Sans chercher de coupables pour cette faible progression, le Groupe Femmes, Politique et Démocratie se désole que les efforts de tout le milieu, des groupes de femmes jusqu’à la ministre Normandeau, se traduisent par des avancées aussi minimes. Faut-il le rappeler, depuis trois ans, un véritable blitz d’information, de formation, de réseautage et de motivation démocratique des femmes a animé toutes les régions du Québec. On peut facilement imaginer que, sans ce déploiement d’énergie, la proportion de femmes élues aurait diminué..

Pistes d’explications

Où faut-il voir les embûches? Quelques pistes de réponses… 1) La tradition fait des conseils municipaux un lieu de pouvoir local extrêmement masculin où les élus, souvent âgés, se renouvellent peu. Le pourcentage de maires élus par acclamation (plus de la moitié) et la reconduction massive des équipes en place indiquent faible ouverture aux nouveaux visages. 2) Les élus démontrent d’ailleurs peu de motivation pour préparer une relève formée de jeunes et de femmes.
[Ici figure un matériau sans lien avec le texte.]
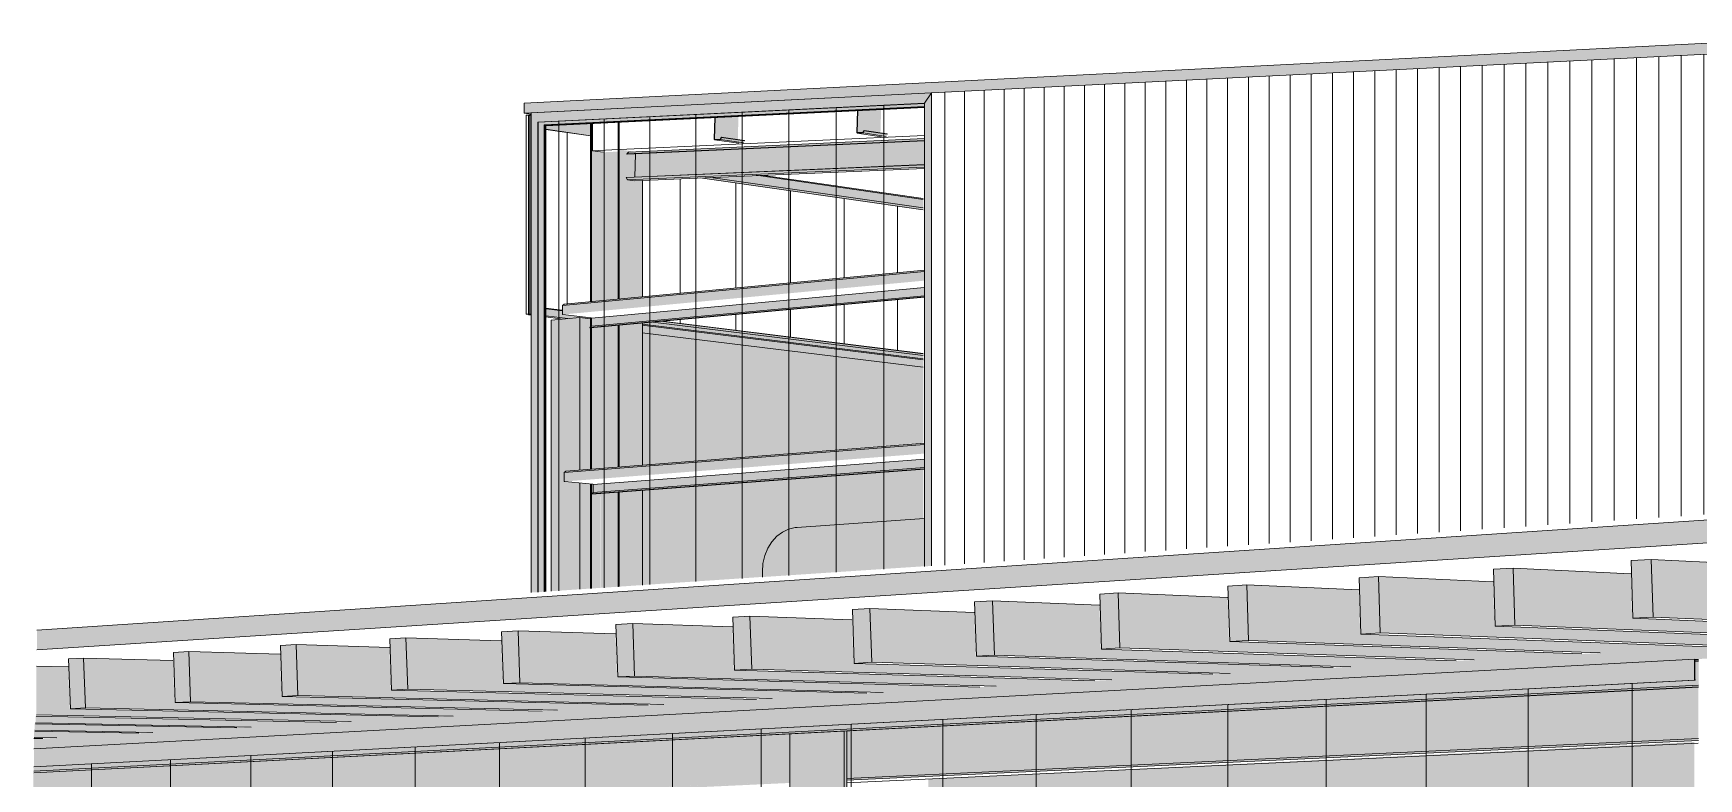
# Model space of a CAD drawing. Header units: inches. Extents: x 30681 to 92461, y -36095 to 66.
# Drawn here: x 30681.2664 to 30681.5183, y 60.0753 to 60.188 of the extents above; entities that cross this region are included whole.
import ezdxf

# ---------------------------------------------------------------- set-up
doc = ezdxf.new("R2010")
doc.units = ezdxf.units.IN
doc.header["$MEASUREMENT"] = 0
for name, color, linetype, lineweight in [('A-CLNG', 13, 'Continuous', 13), ('A-GLAZ-CURT', 52, 'Continuous', 9), ('A-GLAZ-CWMG', 51, 'Continuous', 9), ('A-ROOF', 132, 'Continuous', 13), ('A-WALL', 113, 'Continuous', 13), ('A-WALL-PATT', 111, 'Continuous', 13), ('L-SITE-WALL', 31, 'Continuous', 13), ('M-HVAC-DUCT', 70, 'Continuous', 9), ('S-BEAM', 12, 'Continuous', 9), ('S-COLS', 52, 'Continuous', 9)]:
    doc.layers.add(name, color=color, linetype=linetype, lineweight=lineweight)

# ---------------------------------------------------------------- blocks, each defined once
blk = doc.blocks.new('FP_2-Entrance - Clinic')
at = {"layer": 'A-WALL-PATT', "lineweight": 9}
for p, q in [((30681.53636, 60.11643), (30681.53636, 60.18573)), ((30681.53985, 60.11666), (30681.53985, 60.1859)), ((30681.54336, 60.11689), (30681.54336, 60.18607)), ((30681.54688, 60.11713), (30681.54688, 60.18625)), ((30681.48561, 60.11306), (30681.48561, 60.1832)), ((30681.4889, 60.11327), (30681.4889, 60.18336)), ((30681.49221, 60.11349), (30681.49221, 60.18353)), ((30681.49552, 60.11371), (30681.49552, 60.18369)), ((30681.49885, 60.11394), (30681.49885, 60.18386)), ((30681.5022, 60.11416), (30681.5022, 60.18402)), ((30681.50555, 60.11438), (30681.50555, 60.18419)), ((30681.50892, 60.11461), (30681.50892, 60.18436)), ((30681.51231, 60.11483), (30681.51231, 60.18453)), ((30681.5157, 60.11506), (30681.5157, 60.1847)), ((30681.51911, 60.11528), (30681.51911, 60.18487)), ((30681.52253, 60.11551), (30681.52253, 60.18504)), ((30681.52597, 60.11574), (30681.52597, 60.18521)), ((30681.52942, 60.11597), (30681.52942, 60.18538)), ((30681.53288, 60.1162), (30681.53288, 60.18555)), ((30681.43462, 60.10967), (30681.43462, 60.18066)), ((30681.43772, 60.10987), (30681.43772, 60.18081)), ((30681.44083, 60.11008), (30681.44083, 60.18097)), ((30681.44395, 60.11029), (30681.44395, 60.18112)), ((30681.44708, 60.11049), (30681.44708, 60.18128)), ((30681.45022, 60.1107), (30681.45022, 60.18144)), ((30681.45338, 60.11091), (30681.45338, 60.18159)), ((30681.45655, 60.11112), (30681.45655, 60.18175)), ((30681.45973, 60.11133), (30681.45973, 60.18191)), ((30681.46292, 60.11155), (30681.46292, 60.18207)), ((30681.46612, 60.11176), (30681.46612, 60.18223)), ((30681.46934, 60.11197), (30681.46934, 60.18239)), ((30681.47257, 60.11219), (30681.47257, 60.18255)), ((30681.47581, 60.1124), (30681.47581, 60.18271)), ((30681.47906, 60.11262), (30681.47906, 60.18287)), ((30681.48233, 60.11284), (30681.48233, 60.18304)), ((30681.40427, 60.10765), (30681.40427, 60.17915)), ((30681.40726, 60.10785), (30681.40726, 60.1793)), ((30681.41025, 60.10805), (30681.41025, 60.17945)), ((30681.41326, 60.10825), (30681.41326, 60.1796)), ((30681.41628, 60.10845), (30681.41628, 60.17975)), ((30681.41931, 60.10865), (30681.41931, 60.1799)), ((30681.42235, 60.10885), (30681.42235, 60.18005)), ((30681.4254, 60.10905), (30681.4254, 60.1802)), ((30681.42846, 60.10926), (30681.42846, 60.18035)), ((30681.43153, 60.10946), (30681.43153, 60.18051))]:
    blk.add_line(p, q, dxfattribs=at)
blk = doc.blocks.new('FP_6-Entrance - Clinic')
at = {"layer": 'A-WALL-PATT', "lineweight": 9}
for p, q in [((30681.34713, 60.14714), (30681.34713, 60.17308)), ((30681.36427, 60.14878), (30681.36427, 60.16606)), ((30681.37266, 60.14959), (30681.37266, 60.16543)), ((30681.38093, 60.15038), (30681.38093, 60.16425)), ((30681.38908, 60.15116), (30681.38908, 60.16308)), ((30681.39712, 60.15193), (30681.39712, 60.16193)), ((30681.37266, 60.14314), (30681.37266, 60.14555)), ((30681.38093, 60.14211), (30681.38093, 60.14632)), ((30681.38908, 60.14111), (30681.38908, 60.14708)), ((30681.39712, 60.14011), (30681.39712, 60.14783)), ((30681.36427, 60.14417), (30681.36427, 60.14477))]:
    blk.add_line(p, q, dxfattribs=at)
blk = doc.blocks.new('FP_7-Entrance - Clinic')
at = {"layer": 'A-WALL-PATT', "lineweight": 9}
for p, q in [((30681.3666, 60.10514), (30681.3666, 60.17577)), ((30681.37363, 60.10561), (30681.37363, 60.17611)), ((30681.38071, 60.10608), (30681.38071, 60.17646)), ((30681.38786, 60.10656), (30681.38786, 60.17681)), ((30681.39507, 60.10704), (30681.39507, 60.17716)), ((30681.3459, 60.10377), (30681.3459, 60.17476)), ((30681.35274, 60.10422), (30681.35274, 60.17509)), ((30681.35964, 60.10468), (30681.35964, 60.17543))]:
    blk.add_line(p, q, dxfattribs=at)
blk = doc.blocks.new('FP_8-Entrance - Clinic')
at = {"layer": 'A-WALL-PATT', "lineweight": 9}
for p, q in [((30681.47713, 59.93643), (30681.47713, 60.08814)), ((30681.49255, 59.93585), (30681.49255, 60.08894)), ((30681.50826, 59.93526), (30681.50826, 60.08976)), ((30681.41811, 59.93864), (30681.41811, 60.08506)), ((30681.43248, 59.9381), (30681.43248, 60.08581)), ((30681.44709, 59.93756), (30681.44709, 60.08657)), ((30681.46198, 59.937), (30681.46198, 60.08735)), ((30681.37648, 59.94021), (30681.37648, 60.0829)), ((30681.39012, 59.9397), (30681.39012, 60.08361)), ((30681.40399, 59.93917), (30681.40399, 60.08433)), ((30681.32417, 59.94217), (30681.32417, 60.08017)), ((30681.33692, 59.94169), (30681.33692, 60.08083)), ((30681.34989, 59.94121), (30681.34989, 60.08151)), ((30681.36307, 59.94071), (30681.36307, 60.0822)), ((30681.27519, 59.94401), (30681.27519, 60.07762)), ((30681.28714, 59.94357), (30681.28714, 60.07824)), ((30681.29928, 59.94311), (30681.29928, 60.07887)), ((30681.31163, 59.94265), (30681.31163, 60.07952))]:
    blk.add_line(p, q, dxfattribs=at)

msp = doc.modelspace()

# ---------------------------------------------------------------- hatches: boundary and pattern name
at = {"layer": 'A-CLNG'}
msp.add_hatch(color=256, dxfattribs=at).paths.add_polyline_path([(30681.26647, 60.07986), (30681.51775, 60.0934), (30681.51834, 60.09335), (30681.51834, 60.09344), (30681.51993, 60.09352), (30681.51993, 60.0945), (30681.5484, 60.09605), (30681.54862, 60.09605), (30681.54862, 60.09797), (30681.54296, 60.09821), (30681.54296, 60.09652), (30681.54003, 60.09636), (30681.52299, 60.09704), (30681.52299, 60.09542), (30681.51993, 60.09527), (30681.50346, 60.0959), (30681.50346, 60.09435), (30681.50067, 60.0942), (30681.48437, 60.09479), (30681.48437, 60.0933), (30681.48164, 60.09315), (30681.4657, 60.09371), (30681.4657, 60.09228), (30681.46303, 60.09213), (30681.44744, 60.09265), (30681.44744, 60.09127), (30681.44482, 60.09113), (30681.42957, 60.09161), (30681.42957, 60.09029), (30681.42701, 60.09015), (30681.41208, 60.0906), (30681.41208, 60.08933), (30681.40957, 60.08919), (30681.39495, 60.08962), (30681.39495, 60.08839), (30681.3925, 60.08826), (30681.37819, 60.08865), (30681.37819, 60.08747), (30681.37578, 60.08734), (30681.36177, 60.08771), (30681.36177, 60.08657), (30681.35941, 60.08644), (30681.34568, 60.08679), (30681.34568, 60.08569), (30681.34338, 60.08556), (30681.32992, 60.08589), (30681.32992, 60.08482), (30681.32758, 60.0847), (30681.31448, 60.085), (30681.31448, 60.08397), (30681.31226, 60.08385), (30681.29934, 60.08414), (30681.29934, 60.08314), (30681.29717, 60.08302), (30681.28449, 60.08329), (30681.28449, 60.08233), (30681.28236, 60.08221), (30681.26994, 60.08246), (30681.26994, 60.08153), (30681.26785, 60.08141), (30681.26647, 60.08144), (30681.26647, 60.07998)], flags=0)
at = {"layer": 'A-GLAZ-CWMG'}
for points in [[(30681.34271, 60.1746), (30681.40121, 60.17746), (30681.40226, 60.17905), (30681.34173, 60.17604)], [(30681.40121, 60.10744), (30681.40226, 60.10751), (30681.40226, 60.17905), (30681.40121, 60.17746), (30681.40121, 60.11797)], [(30681.34153, 60.1455), (30681.34173, 60.14552), (30681.34173, 60.17568), (30681.34132, 60.17563), (30681.34132, 60.14553), (30681.34151, 60.14551)], [(30681.34173, 60.10349), (30681.34271, 60.10355), (30681.34271, 60.1746), (30681.34173, 60.17604), (30681.34173, 60.10489)], [(30681.34388, 60.1741), (30681.40121, 60.17688), (30681.40121, 60.17745), (30681.34353, 60.1746), (30681.34354, 60.17459)], [(30681.34377, 60.17409), (30681.40121, 60.17687), (30681.40121, 60.177), (30681.34368, 60.17421)], [(30681.34271, 60.10355), (30681.34276, 60.10356), (30681.34276, 60.17459), (30681.34271, 60.17459), (30681.34271, 60.10489)], [(30681.34276, 60.10356), (30681.34388, 60.10363), (30681.34388, 60.1741), (30681.34351, 60.17463), (30681.34276, 60.17459), (30681.34276, 60.10489)], [(30681.34368, 60.10362), (30681.34377, 60.10363), (30681.34377, 60.17409), (30681.34368, 60.17421), (30681.34368, 60.10489)], [(30681.34377, 60.10363), (30681.34393, 60.10364), (30681.34393, 60.17406), (30681.34377, 60.17406), (30681.34377, 60.10489)], [(30681.35068, 60.17256), (30681.35068, 60.1744), (30681.34392, 60.17406), (30681.34392, 60.17355), (30681.34482, 60.17342)], [(30681.35068, 60.17256), (30681.35068, 60.17266), (30681.34392, 60.17365), (30681.34392, 60.17355)], [(30681.34132, 60.14548), (30681.34151, 60.14551), (30681.34132, 60.14553)], [(30681.34173, 60.14544), (30681.3417, 60.14548), (30681.34151, 60.14549), (30681.34151, 60.14546)], [(30681.34173, 60.14548), (30681.34173, 60.14552), (30681.3417, 60.14548), (30681.34171, 60.14548)], [(30681.35068, 60.14488), (30681.35068, 60.14502), (30681.34646, 60.14555), (30681.34642, 60.14564), (30681.34642, 60.14618), (30681.34392, 60.14649), (30681.34392, 60.14532), (30681.34725, 60.14491), (30681.34903, 60.14508), (30681.3497, 60.145)], [(30681.34642, 60.14603), (30681.34642, 60.14613), (30681.34392, 60.14644), (30681.34392, 60.14634)], [(30681.26646, 60.07648), (30681.51834, 60.08949), (30681.51834, 60.09312), (30681.51774, 60.09309), (30681.51774, 60.09032), (30681.5178, 60.09025), (30681.26646, 60.07715)], [(30681.26647, 60.07716), (30681.5177, 60.09025), (30681.5177, 60.0934), (30681.26647, 60.07986), (30681.26647, 60.07833)], [(30681.5178, 60.09024), (30681.51775, 60.09032), (30681.51775, 60.09333), (30681.5179, 60.09332), (30681.51833, 60.09335), (30681.5177, 60.0934), (30681.5177, 60.09025)], [(30681.51834, 60.09327), (30681.51833, 60.09335), (30681.51786, 60.09332)], [(30681.26646, 60.07624), (30681.51834, 60.08921), (30681.51834, 60.08949), (30681.26646, 60.07648)]]:
    msp.add_hatch(color=256, dxfattribs=at).paths.add_polyline_path(points, flags=0)
at = {"layer": 'A-ROOF'}
for points in [[(30681.34067, 60.17598), (30681.54861, 60.18633), (30681.54861, 60.18804), (30681.34067, 60.17749)], [(30681.26694, 60.09481), (30681.66697, 60.12041), (30681.66665, 60.12085), (30681.66617, 60.12191), (30681.66587, 60.12311), (30681.66577, 60.12399), (30681.66554, 60.12398), (30681.66535, 60.12408), (30681.26694, 60.09779)]]:
    msp.add_hatch(color=256, dxfattribs=at).paths.add_polyline_path(points, flags=0)
at = {"layer": 'L-SITE-WALL'}
msp.add_hatch(color=256, dxfattribs=at).paths.add_polyline_path([(30681.34474, 60.10369), (30681.34905, 60.10398), (30681.34905, 60.12005), (30681.34672, 60.1203), (30681.34668, 60.12039), (30681.34669, 60.12164), (30681.34694, 60.12186), (30681.34905, 60.12202), (30681.34905, 60.14508), (30681.34474, 60.14468), (30681.34474, 60.10489)], flags=0)
h = msp.add_hatch(color=256, dxfattribs=at)
h.paths.add_polyline_path([(30681.34905, 60.10398), (30681.35224, 60.1042), (30681.35224, 60.11845), (30681.35087, 60.11834), (30681.35084, 60.11839), (30681.35108, 60.1186), (30681.35106, 60.11984), (30681.35104, 60.11985), (30681.34905, 60.12005), (30681.34905, 60.10489)], flags=0)
h.paths.add_polyline_path([(30681.35852, 60.10462), (30681.37669, 60.10585), (30681.37663, 60.10661), (30681.37672, 60.10787), (30681.377, 60.10908), (30681.37744, 60.11019), (30681.37805, 60.11118), (30681.37879, 60.11201), (30681.37965, 60.11265), (30681.38061, 60.1131), (30681.38162, 60.11332), (30681.40103, 60.11472), (30681.40103, 60.12219), (30681.35852, 60.11893), (30681.35852, 60.10489)], flags=0)
h.paths.add_polyline_path([(30681.34905, 60.12202), (30681.35224, 60.12228), (30681.35224, 60.14365), (30681.35061, 60.1435), (30681.35058, 60.14354), (30681.35082, 60.14375), (30681.35082, 60.14486), (30681.34905, 60.14508), (30681.34905, 60.12722)], flags=0)
h.paths.add_polyline_path([(30681.35852, 60.12277), (30681.40103, 60.12614), (30681.40103, 60.13869), (30681.35852, 60.14391), (30681.35852, 60.12519)], flags=0)
at = {"layer": 'M-HVAC-DUCT'}
for points in [[(30681.37669, 60.1066), (30681.40116, 60.10824), (30681.40114, 60.11469), (30681.38167, 60.11331), (30681.38066, 60.11308), (30681.37971, 60.11264), (30681.37885, 60.11199), (30681.3781, 60.11116), (30681.3775, 60.11018), (30681.37705, 60.10907), (30681.37678, 60.10786)], [(30681.37674, 60.10583), (30681.40116, 60.10746), (30681.40116, 60.10824), (30681.37669, 60.1066)]]:
    msp.add_hatch(color=256, dxfattribs=at).paths.add_polyline_path(points, flags=0)
at = {"layer": 'S-BEAM'}
h = msp.add_hatch(color=256, dxfattribs=at)
h.paths.add_polyline_path([(30681.39106, 60.17296), (30681.39192, 60.173), (30681.3921, 60.17332), (30681.39208, 60.17335), (30681.3919, 60.17306), (30681.39106, 60.17302)], flags=0)
h.paths.add_polyline_path([(30681.39099, 60.17306), (30681.39103, 60.17306), (30681.39112, 60.17635), (30681.39108, 60.17635), (30681.39101, 60.17369)], flags=0)
for points in [[(30681.39455, 60.17298), (30681.39465, 60.17653), (30681.39112, 60.17635), (30681.39106, 60.17305), (30681.39124, 60.17303), (30681.39192, 60.17309), (30681.3921, 60.17335), (30681.39439, 60.173)], [(30681.37297, 60.17197), (30681.37307, 60.17548), (30681.36953, 60.1753), (30681.36946, 60.17205), (30681.36965, 60.17202), (30681.3703, 60.17208), (30681.37048, 60.17234), (30681.37279, 60.172)], [(30681.39543, 60.17246), (30681.39561, 60.17278), (30681.3921, 60.17332), (30681.39192, 60.173), (30681.39522, 60.1725)], [(30681.35619, 60.16981), (30681.40119, 60.17185), (30681.40119, 60.17212), (30681.35641, 60.17008)], [(30681.35623, 60.16977), (30681.40119, 60.17181), (30681.40119, 60.17185), (30681.35619, 60.16981)], [(30681.35739, 60.16631), (30681.40118, 60.1682), (30681.40118, 60.17181), (30681.35748, 60.16981), (30681.35748, 60.16977)], [(30681.36946, 60.17201), (30681.36948, 60.17205), (30681.36944, 60.17204), (30681.36946, 60.17201)], [(30681.37383, 60.17147), (30681.37401, 60.17179), (30681.37048, 60.17231), (30681.3703, 60.172), (30681.37334, 60.17154)], [(30681.37401, 60.17179), (30681.37398, 60.17182), (30681.37384, 60.17181)], [(30681.39106, 60.17302), (30681.39115, 60.17304), (30681.39103, 60.17304), (30681.39106, 60.17302)], [(30681.39561, 60.17278), (30681.39558, 60.17282), (30681.39545, 60.17281)], [(30681.3563, 60.16589), (30681.40119, 60.16782), (30681.40119, 60.16817), (30681.35609, 60.16622)], [(30681.40103, 60.16137), (30681.40103, 60.16166), (30681.36888, 60.16626), (30681.3673, 60.16619), (30681.39507, 60.16222)], [(30681.40103, 60.16166), (30681.40103, 60.16284), (30681.37534, 60.16655), (30681.36905, 60.16624), (30681.39507, 60.16251)], [(30681.40103, 60.16284), (30681.40103, 60.16292), (30681.37573, 60.16656), (30681.37534, 60.16655), (30681.39507, 60.1637)], [(30681.40102, 60.16292), (30681.40102, 60.16307), (30681.37656, 60.16661), (30681.37575, 60.16657), (30681.39506, 60.16378)], [(30681.34643, 60.14687), (30681.40121, 60.15203), (30681.40121, 60.15223), (30681.34669, 60.1471)], [(30681.34643, 60.14564), (30681.40121, 60.15074), (30681.40121, 60.15203), (30681.34643, 60.14687)], [(30681.34652, 60.14553), (30681.40121, 60.15065), (30681.40121, 60.15074), (30681.34643, 60.14564), (30681.34647, 60.14554)], [(30681.35058, 60.14354), (30681.40119, 60.14818), (30681.40119, 60.14837), (30681.35082, 60.14375)], [(30681.35061, 60.1435), (30681.40119, 60.14813), (30681.40119, 60.14818), (30681.35058, 60.14354)], [(30681.35082, 60.14375), (30681.40119, 60.14837), (30681.40119, 60.14962), (30681.35082, 60.14496), (30681.35082, 60.14422)], [(30681.40102, 60.13883), (30681.40102, 60.13933), (30681.36009, 60.14438), (30681.35851, 60.14423), (30681.35851, 60.14406), (30681.38634, 60.14064)], [(30681.40103, 60.13875), (30681.40103, 60.13883), (30681.35852, 60.14404), (30681.35852, 60.14397), (30681.38635, 60.14055)], [(30681.40103, 60.13757), (30681.40103, 60.13875), (30681.35852, 60.14397), (30681.35852, 60.14275), (30681.38635, 60.13936)], [(30681.40102, 60.13933), (30681.40102, 60.13959), (30681.36134, 60.1445), (30681.36017, 60.14437), (30681.38634, 60.14114)], [(30681.40102, 60.13959), (30681.40102, 60.13963), (30681.36151, 60.14452), (30681.36134, 60.1445), (30681.38634, 60.14141)], [(30681.34669, 60.12163), (30681.40121, 60.12588), (30681.40121, 60.12609), (30681.34695, 60.12186)], [(30681.34669, 60.12039), (30681.40121, 60.12459), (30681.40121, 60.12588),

Sauf exceptions, les maires sortants n’ont pas soutenu de femmes. 3) Il semble, par ailleurs, y avoir une résistance des partis et des équipes à introduire dans leurs rangs des personnes qui, souvent issues de milieux différents (communautaire, scolaire...), risquent de questionner certaines façons de faire. 4) On ne peut passer sous silence le manque d’intérêt des femmes elles-mêmes pour un lieu de pouvoir encore souvent perçu à tort comme l’instance de gestion des trottoirs et des poubelles. 5) Enfin, il faut l’admettre, la vision cynique qui dévalorise actuellement la fonction politique entrave fortement la motivation électorale des femmes.

Pour ces différentes raisons, et sans doute pour d’autres, bon nombre d’aspirantes candidates qui avaient manifesté leur désir de se présenter au cours des deux dernières années et des derniers mois ont, finalement, renoncé à leur projet.

Notes positives

Parallèlement, plusieurs avancées réjouissent le Groupe Femmes, Politique et Démocratie. Ainsi, 27 des 50 participantes aux Écoles d’été Femmes et Démocratie municipale de 2004 et 2005 se sont présentées aux élections du 6 novembre, et 16 d’entre elles ont été élues. Quelques villes, dont Québec et Lévis, avec deux mairesses et une chef de l’opposition, donnent une place prépondérante aux femmes. Le Saguenay-Lac-Saint-Jean fait, pour sa part, figure avant-gardiste avec à peine 4 % de conseils municipaux totalement masculins. Cette proportion est de plus de 11 % dans l’ensemble du Québec avec un sommet de près de 17 % de conseils uniquement composés d’hommes en Montérégie.

Le Groupe Femmes, Politique et Démocratie compte poursuivre son travail de formation à l’engagement politique et démocratique auprès des femmes. Une troisième École à l’intention des aspirantes candidates aura d’ailleurs lieu à l’ENAP en 2006. L’objectif : contribuer à accroître la proportion de femmes élues en 2009.